* ASSIGNMENT: Using the material that follows, output exactly the lines from the one containing "#3868 = LINE ( 'NONE', #9837, #655 ) ;" through the one containing "#4511 = CARTESIAN_POINT", with both ends kept.

* DATASET RECORDS:
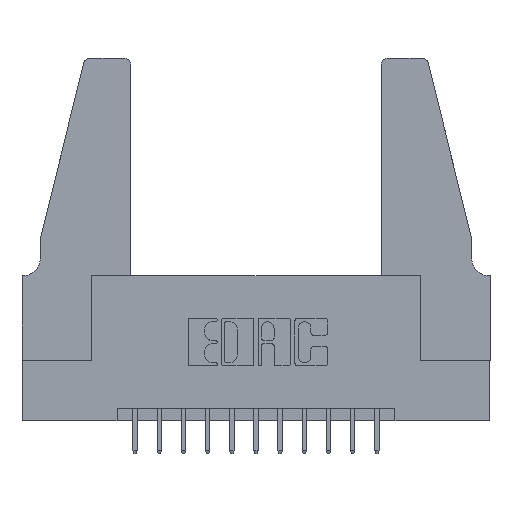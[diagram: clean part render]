
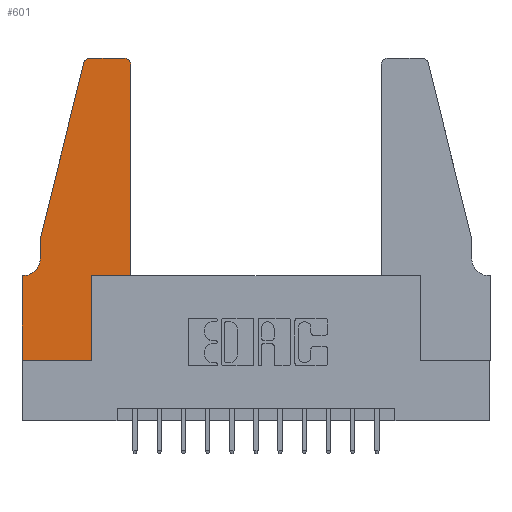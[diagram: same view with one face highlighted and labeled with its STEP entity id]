
A CAD part, top view. The second image highlights one B-rep face of the part: STEP entity #601.
In plain terms, the highlighted planar face has unit normal (0, 0, 1).
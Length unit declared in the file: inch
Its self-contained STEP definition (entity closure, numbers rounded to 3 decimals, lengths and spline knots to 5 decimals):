
#439 = VECTOR ( 'NONE', #3507, 39.37008 ) ;
#601 = ADVANCED_FACE ( 'NONE', ( #6992 ), #14953, .T. ) ;
#655 = VECTOR ( 'NONE', #13489, 39.37008 ) ;
#796 = DIRECTION ( 'NONE',  ( -0.239, -0.971, 0. ) ) ;
#1141 = EDGE_LOOP ( 'NONE', ( #3579, #10585, #8176, #12963, #4477, #2539, #5883, #11811, #4534, #12057, #12443, #7387 ) ) ;
#1187 = CARTESIAN_POINT ( 'NONE',  ( 0.4205, 1.25, 0.37 ) ) ;
#1288 = EDGE_CURVE ( 'NONE', #13387, #5235, #10683, .T. ) ;
#1319 = VERTEX_POINT ( 'NONE', #8344 ) ;
#1347 = CARTESIAN_POINT ( 'NONE',  ( 0.4205, 1.22, 0.37 ) ) ;
#1360 = LINE ( 'NONE', #10550, #3410 ) ;
#1599 = CARTESIAN_POINT ( 'NONE',  ( 0., 0.35, 0.37 ) ) ;
#2139 = DIRECTION ( 'NONE',  ( 0., 0., -1. ) ) ;
#2403 = VERTEX_POINT ( 'NONE', #14018 ) ;
#2467 = CARTESIAN_POINT ( 'NONE',  ( 0.4505, 0.35, 0.37 ) ) ;
#2539 = ORIENTED_EDGE ( 'NONE', *, *, #5138, .T. ) ;
#2626 = EDGE_CURVE ( 'NONE', #10472, #8169, #11367, .T. ) ;
#3092 = AXIS2_PLACEMENT_3D ( 'NONE', #10364, #5714, #4547 ) ;
#3134 = CIRCLE ( 'NONE', #10467, 0.07 ) ;
#3301 = CARTESIAN_POINT ( 'NONE',  ( 0.0755, 0.5, 0.37 ) ) ;
#3410 = VECTOR ( 'NONE', #4880, 39.37008 ) ;
#3507 = DIRECTION ( 'NONE',  ( 0., -1., 0. ) ) ;
#3546 = DIRECTION ( 'NONE',  ( 0., -1., 0. ) ) ;
#3579 = ORIENTED_EDGE ( 'NONE', *, *, #7865, .T. ) ;
#3868 = LINE ( 'NONE', #9837, #655 ) ;
#4013 = EDGE_CURVE ( 'NONE', #6738, #4362, #10837, .T. ) ;
#4362 = VERTEX_POINT ( 'NONE', #13240 ) ;
#4477 = ORIENTED_EDGE ( 'NONE', *, *, #12481, .T. ) ;
#4480 = EDGE_CURVE ( 'NONE', #5235, #1319, #6549, .T. ) ;
#4511 = CARTESIAN_POINT ( 'NONE',  ( 0., 0.35, 0.37 ) ) ;
#4534 = ORIENTED_EDGE ( 'NONE', *, *, #4480, .T. ) ;
#4547 = DIRECTION ( 'NONE',  ( 1., 0., 0. ) ) ;
#4659 = CARTESIAN_POINT ( 'NONE',  ( 0.0755, 0.5, 0.37 ) ) ;
#4880 = DIRECTION ( 'NONE',  ( -1., 0., 0. ) ) ;
#5138 = EDGE_CURVE ( 'NONE', #2403, #13950, #1360, .T. ) ;
#5235 = VERTEX_POINT ( 'NONE', #9932 ) ;
#5714 = DIRECTION ( 'NONE',  ( 0., 0., 1. ) ) ;
#5883 = ORIENTED_EDGE ( 'NONE', *, *, #13653, .T. ) ;
#6045 = DIRECTION ( 'NONE',  ( 0., 0., 1. ) ) ;
#6549 = LINE ( 'NONE', #12429, #12231 ) ;
#6738 = VERTEX_POINT ( 'NONE', #2467 ) ;
#6992 = FACE_OUTER_BOUND ( 'NONE', #1141, .T. ) ;
#7136 = VECTOR ( 'NONE', #11607, 39.37008 ) ;
#7263 = CARTESIAN_POINT ( 'NONE',  ( 0., 0., 0.37 ) ) ;
#7343 = VECTOR ( 'NONE', #13746, 39.37008 ) ;
#7387 = ORIENTED_EDGE ( 'NONE', *, *, #14250, .T. ) ;
#7865 = EDGE_CURVE ( 'NONE', #13605, #14048, #12707, .T. ) ;
#8169 = VERTEX_POINT ( 'NONE', #8600 ) ;
#8176 = ORIENTED_EDGE ( 'NONE', *, *, #2626, .T. ) ;
#8232 = CIRCLE ( 'NONE', #8466, 0.03 ) ;
#8344 = CARTESIAN_POINT ( 'NONE',  ( 0.2865, 0.35, 0.37 ) ) ;
#8466 = AXIS2_PLACEMENT_3D ( 'NONE', #1347, #6045, #10693 ) ;
#8600 = CARTESIAN_POINT ( 'NONE',  ( 0.0755, 0.5, 0.37 ) ) ;
#8847 = DIRECTION ( 'NONE',  ( 0., 1., 0. ) ) ;
#8986 = DIRECTION ( 'NONE',  ( 0., 0., 1. ) ) ;
#9123 = CARTESIAN_POINT ( 'NONE',  ( 0.2605, 1.25, 0.37 ) ) ;
#9200 = DIRECTION ( 'NONE',  ( 1., 0., 0. ) ) ;
#9549 = EDGE_CURVE ( 'NONE', #1319, #6738, #3868, .T. ) ;
#9644 = CARTESIAN_POINT ( 'NONE',  ( 0.284, 1.25, 0.37 ) ) ;
#9656 = EDGE_CURVE ( 'NONE', #14048, #10472, #9703, .T. ) ;
#9703 = CIRCLE ( 'NONE', #3092, 0.03 ) ;
#9778 = VECTOR ( 'NONE', #12140, 39.37008 ) ;
#9837 = CARTESIAN_POINT ( 'NONE',  ( 0.4505, 0.35, 0.37 ) ) ;
#9932 = CARTESIAN_POINT ( 'NONE',  ( 0.2865, 0., 0.37 ) ) ;
#10364 = CARTESIAN_POINT ( 'NONE',  ( 0.284, 1.22, 0.37 ) ) ;
#10448 = VERTEX_POINT ( 'NONE', #12869 ) ;
#10467 = AXIS2_PLACEMENT_3D ( 'NONE', #14760, #2139, #13703 ) ;
#10472 = VERTEX_POINT ( 'NONE', #13758 ) ;
#10550 = CARTESIAN_POINT ( 'NONE',  ( 0.0755, 0.35, 0.37 ) ) ;
#10585 = ORIENTED_EDGE ( 'NONE', *, *, #9656, .T. ) ;
#10683 = LINE ( 'NONE', #7263, #7136 ) ;
#10693 = DIRECTION ( 'NONE',  ( 1., 0., 0. ) ) ;
#10837 = LINE ( 'NONE', #13109, #9778 ) ;
#11367 = LINE ( 'NONE', #3301, #13471 ) ;
#11574 = LINE ( 'NONE', #4659, #439 ) ;
#11607 = DIRECTION ( 'NONE',  ( 1., 0., 0. ) ) ;
#11811 = ORIENTED_EDGE ( 'NONE', *, *, #1288, .T. ) ;
#12027 = AXIS2_PLACEMENT_3D ( 'NONE', #4511, #8986, #9200 ) ;
#12057 = ORIENTED_EDGE ( 'NONE', *, *, #9549, .T. ) ;
#12140 = DIRECTION ( 'NONE',  ( 0., 1., 0. ) ) ;
#12231 = VECTOR ( 'NONE', #8847, 39.37008 ) ;
#12429 = CARTESIAN_POINT ( 'NONE',  ( 0.2865, 0.35, 0.37 ) ) ;
#12443 = ORIENTED_EDGE ( 'NONE', *, *, #4013, .T. ) ;
#12481 = EDGE_CURVE ( 'NONE', #10448, #2403, #3134, .T. ) ;
#12707 = LINE ( 'NONE', #9123, #7343 ) ;
#12863 = EDGE_CURVE ( 'NONE', #8169, #10448, #11574, .T. ) ;
#12869 = CARTESIAN_POINT ( 'NONE',  ( 0.0755, 0.42, 0.37 ) ) ;
#12963 = ORIENTED_EDGE ( 'NONE', *, *, #12863, .T. ) ;
#13109 = CARTESIAN_POINT ( 'NONE',  ( 0.4505, 0.35, 0.37 ) ) ;
#13205 = CARTESIAN_POINT ( 'NONE',  ( 0., 0., 0.37 ) ) ;
#13240 = CARTESIAN_POINT ( 'NONE',  ( 0.4505, 1.22, 0.37 ) ) ;
#13387 = VERTEX_POINT ( 'NONE', #13205 ) ;
#13471 = VECTOR ( 'NONE', #796, 39.37008 ) ;
#13489 = DIRECTION ( 'NONE',  ( 1., 0., 0. ) ) ;
#13605 = VERTEX_POINT ( 'NONE', #1187 ) ;
#13653 = EDGE_CURVE ( 'NONE', #13950, #13387, #13940, .T. ) ;
#13703 = DIRECTION ( 'NONE',  ( -1., 0., 0. ) ) ;
#13746 = DIRECTION ( 'NONE',  ( -1., 0., 0. ) ) ;
#13758 = CARTESIAN_POINT ( 'NONE',  ( 0.25487, 1.22718, 0.37 ) ) ;
#13765 = VECTOR ( 'NONE', #3546, 39.37008 ) ;
#13940 = LINE ( 'NONE', #14923, #13765 ) ;
#13950 = VERTEX_POINT ( 'NONE', #1599 ) ;
#14018 = CARTESIAN_POINT ( 'NONE',  ( 0.0055, 0.35, 0.37 ) ) ;
#14048 = VERTEX_POINT ( 'NONE', #9644 ) ;
#14250 = EDGE_CURVE ( 'NONE', #4362, #13605, #8232, .T. ) ;
#14760 = CARTESIAN_POINT ( 'NONE',  ( 0.0055, 0.42, 0.37 ) ) ;
#14923 = CARTESIAN_POINT ( 'NONE',  ( 0., 0., 0.37 ) ) ;
#14953 = PLANE ( 'NONE',  #12027 ) ;

* RESULT:
#3868 = LINE ( 'NONE', #9837, #655 ) ;
#4013 = EDGE_CURVE ( 'NONE', #6738, #4362, #10837, .T. ) ;
#4362 = VERTEX_POINT ( 'NONE', #13240 ) ;
#4477 = ORIENTED_EDGE ( 'NONE', *, *, #12481, .T. ) ;
#4480 = EDGE_CURVE ( 'NONE', #5235, #1319, #6549, .T. ) ;
#4511 = CARTESIAN_POINT ( 'NONE',  ( 0., 0.35, 0.37 ) ) ;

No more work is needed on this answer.